Monday, July 19, 2010

...to boldly go...

At three A.M. this morning, my co-workers Cayo Cardenas and Walter Ccoicca left for Incahuasi, a remote (even for Peru!) area the other side of the cordillera Blanca (the really high snow-capped mountains). Incahuasi is on the way down into the Amazon Basin and among other things makes some of the best coffee in the world - I am enjoying a cup right now :).
The bus trip, in an old, small, rattle-trap bus made on a converted truck chassis, will take them 13 hours or so, depending upon the weather at the pass and mechanical breakdowns. But that is better than last year until this year you had to go a long way by mule! This area is so remote, in fact, that are still vestiges of the Shining Path Terrorists in the area, another reason that a Gringo can't really go there.
They are going to set up a Thompson Bible conference that will be held there next month. This area is full of churches, but has not got any trained pastors and it is so remote that American missionaries don't usually go there. In fact, the churches that are there are the result of Christians moving to the area to grow coffee and are not the result of church planting. So, it is really a new field in many ways. And because of the terrorists and the difficulty of getting there, I will probably never or seldom go there. But the Lord has brought us Peruvian - Andean Quechua - co-workers and that has opened yet more doors for us here. They can go places that I can't!

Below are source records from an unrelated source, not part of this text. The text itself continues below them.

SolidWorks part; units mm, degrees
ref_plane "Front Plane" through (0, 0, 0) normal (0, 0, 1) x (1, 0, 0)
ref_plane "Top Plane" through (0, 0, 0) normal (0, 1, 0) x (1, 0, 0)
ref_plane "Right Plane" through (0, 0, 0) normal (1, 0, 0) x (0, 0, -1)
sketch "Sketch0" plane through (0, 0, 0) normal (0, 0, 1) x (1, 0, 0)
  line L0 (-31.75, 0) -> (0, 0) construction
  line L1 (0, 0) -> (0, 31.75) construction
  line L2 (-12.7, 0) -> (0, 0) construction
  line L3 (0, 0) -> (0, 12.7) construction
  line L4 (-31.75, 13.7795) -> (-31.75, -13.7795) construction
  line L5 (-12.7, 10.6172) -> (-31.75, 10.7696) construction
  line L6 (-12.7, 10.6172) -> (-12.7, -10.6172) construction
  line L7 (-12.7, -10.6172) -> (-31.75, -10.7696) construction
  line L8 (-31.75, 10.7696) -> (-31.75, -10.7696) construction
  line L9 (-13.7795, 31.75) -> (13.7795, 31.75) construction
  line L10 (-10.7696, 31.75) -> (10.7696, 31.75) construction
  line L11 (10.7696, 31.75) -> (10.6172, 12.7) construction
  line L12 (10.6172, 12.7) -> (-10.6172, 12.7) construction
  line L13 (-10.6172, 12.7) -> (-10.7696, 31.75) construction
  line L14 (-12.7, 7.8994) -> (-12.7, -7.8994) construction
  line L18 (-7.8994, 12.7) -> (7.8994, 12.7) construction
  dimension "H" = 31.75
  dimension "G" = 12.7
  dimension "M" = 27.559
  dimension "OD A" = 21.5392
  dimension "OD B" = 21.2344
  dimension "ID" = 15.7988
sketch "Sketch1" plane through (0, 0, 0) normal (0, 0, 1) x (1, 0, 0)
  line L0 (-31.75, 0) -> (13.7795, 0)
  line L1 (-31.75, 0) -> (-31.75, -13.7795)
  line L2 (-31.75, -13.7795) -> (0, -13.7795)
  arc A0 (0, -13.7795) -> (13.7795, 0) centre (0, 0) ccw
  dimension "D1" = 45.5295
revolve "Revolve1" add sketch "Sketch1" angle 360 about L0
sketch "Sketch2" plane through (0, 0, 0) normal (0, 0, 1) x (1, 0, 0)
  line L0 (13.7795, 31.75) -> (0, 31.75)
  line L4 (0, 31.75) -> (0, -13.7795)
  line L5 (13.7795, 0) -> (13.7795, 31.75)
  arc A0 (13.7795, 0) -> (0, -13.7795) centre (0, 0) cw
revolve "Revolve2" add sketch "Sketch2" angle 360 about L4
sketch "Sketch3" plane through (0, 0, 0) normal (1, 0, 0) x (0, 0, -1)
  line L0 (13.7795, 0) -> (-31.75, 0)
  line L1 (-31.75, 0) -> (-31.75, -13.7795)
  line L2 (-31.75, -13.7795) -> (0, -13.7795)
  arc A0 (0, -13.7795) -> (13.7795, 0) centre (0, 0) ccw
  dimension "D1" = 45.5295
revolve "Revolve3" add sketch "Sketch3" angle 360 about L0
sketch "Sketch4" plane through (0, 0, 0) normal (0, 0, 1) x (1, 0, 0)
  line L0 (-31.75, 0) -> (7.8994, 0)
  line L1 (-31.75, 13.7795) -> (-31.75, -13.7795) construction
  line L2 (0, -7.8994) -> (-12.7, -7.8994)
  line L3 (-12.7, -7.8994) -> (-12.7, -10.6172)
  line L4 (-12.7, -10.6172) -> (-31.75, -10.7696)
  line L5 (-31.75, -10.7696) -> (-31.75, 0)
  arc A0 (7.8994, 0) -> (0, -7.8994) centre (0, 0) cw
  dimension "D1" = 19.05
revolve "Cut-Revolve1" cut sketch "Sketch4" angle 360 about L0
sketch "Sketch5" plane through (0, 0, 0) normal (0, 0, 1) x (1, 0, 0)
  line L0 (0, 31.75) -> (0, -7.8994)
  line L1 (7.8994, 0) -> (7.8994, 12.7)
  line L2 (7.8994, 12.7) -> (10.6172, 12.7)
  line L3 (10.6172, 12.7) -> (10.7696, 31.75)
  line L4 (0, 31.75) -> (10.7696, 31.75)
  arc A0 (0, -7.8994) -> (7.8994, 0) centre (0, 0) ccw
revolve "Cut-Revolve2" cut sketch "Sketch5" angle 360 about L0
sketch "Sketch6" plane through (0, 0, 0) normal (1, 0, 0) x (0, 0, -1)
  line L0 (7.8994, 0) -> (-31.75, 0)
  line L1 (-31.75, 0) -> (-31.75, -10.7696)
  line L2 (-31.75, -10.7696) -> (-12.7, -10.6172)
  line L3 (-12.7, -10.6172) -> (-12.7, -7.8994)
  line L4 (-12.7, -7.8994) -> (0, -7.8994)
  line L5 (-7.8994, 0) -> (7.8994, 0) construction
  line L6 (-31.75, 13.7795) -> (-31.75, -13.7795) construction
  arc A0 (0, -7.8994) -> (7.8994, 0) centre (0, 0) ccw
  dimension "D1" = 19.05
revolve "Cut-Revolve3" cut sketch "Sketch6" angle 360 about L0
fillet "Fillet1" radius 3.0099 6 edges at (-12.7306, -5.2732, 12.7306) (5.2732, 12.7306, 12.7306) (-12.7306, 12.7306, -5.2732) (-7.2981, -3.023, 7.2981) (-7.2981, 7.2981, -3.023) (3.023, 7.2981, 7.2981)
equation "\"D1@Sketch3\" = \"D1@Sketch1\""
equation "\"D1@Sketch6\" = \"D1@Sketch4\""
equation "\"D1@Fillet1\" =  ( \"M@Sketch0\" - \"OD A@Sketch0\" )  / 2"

They will also be meeting with the churches there about starting a regular Bible Institute there. They have been asking for teachers up there for as long as I can remember and now that Cayo and Walter are working with Believers Bridge, we can meet that need. Cayo and Walter, both seminary graduates with years of pastoral experience are expanding our ministry here to many such areas - places like Ocros, Puquio, Huancarama - that are at very high altitudes or very far from roads or are unsafe for foreigners. Please pray for these men and their families as they pour their lives into the ministry here. Cayo has only got $200 monthly support and that may only be for this year. Walter so far has no support, he is still pastoring a church and can only work part-time and with me paying for his travel. The fields are white, but the laborers are few, pray to the Lord of the harvest that He will provide for the needs of these workers, who are willing to go where no missionaries have gone before.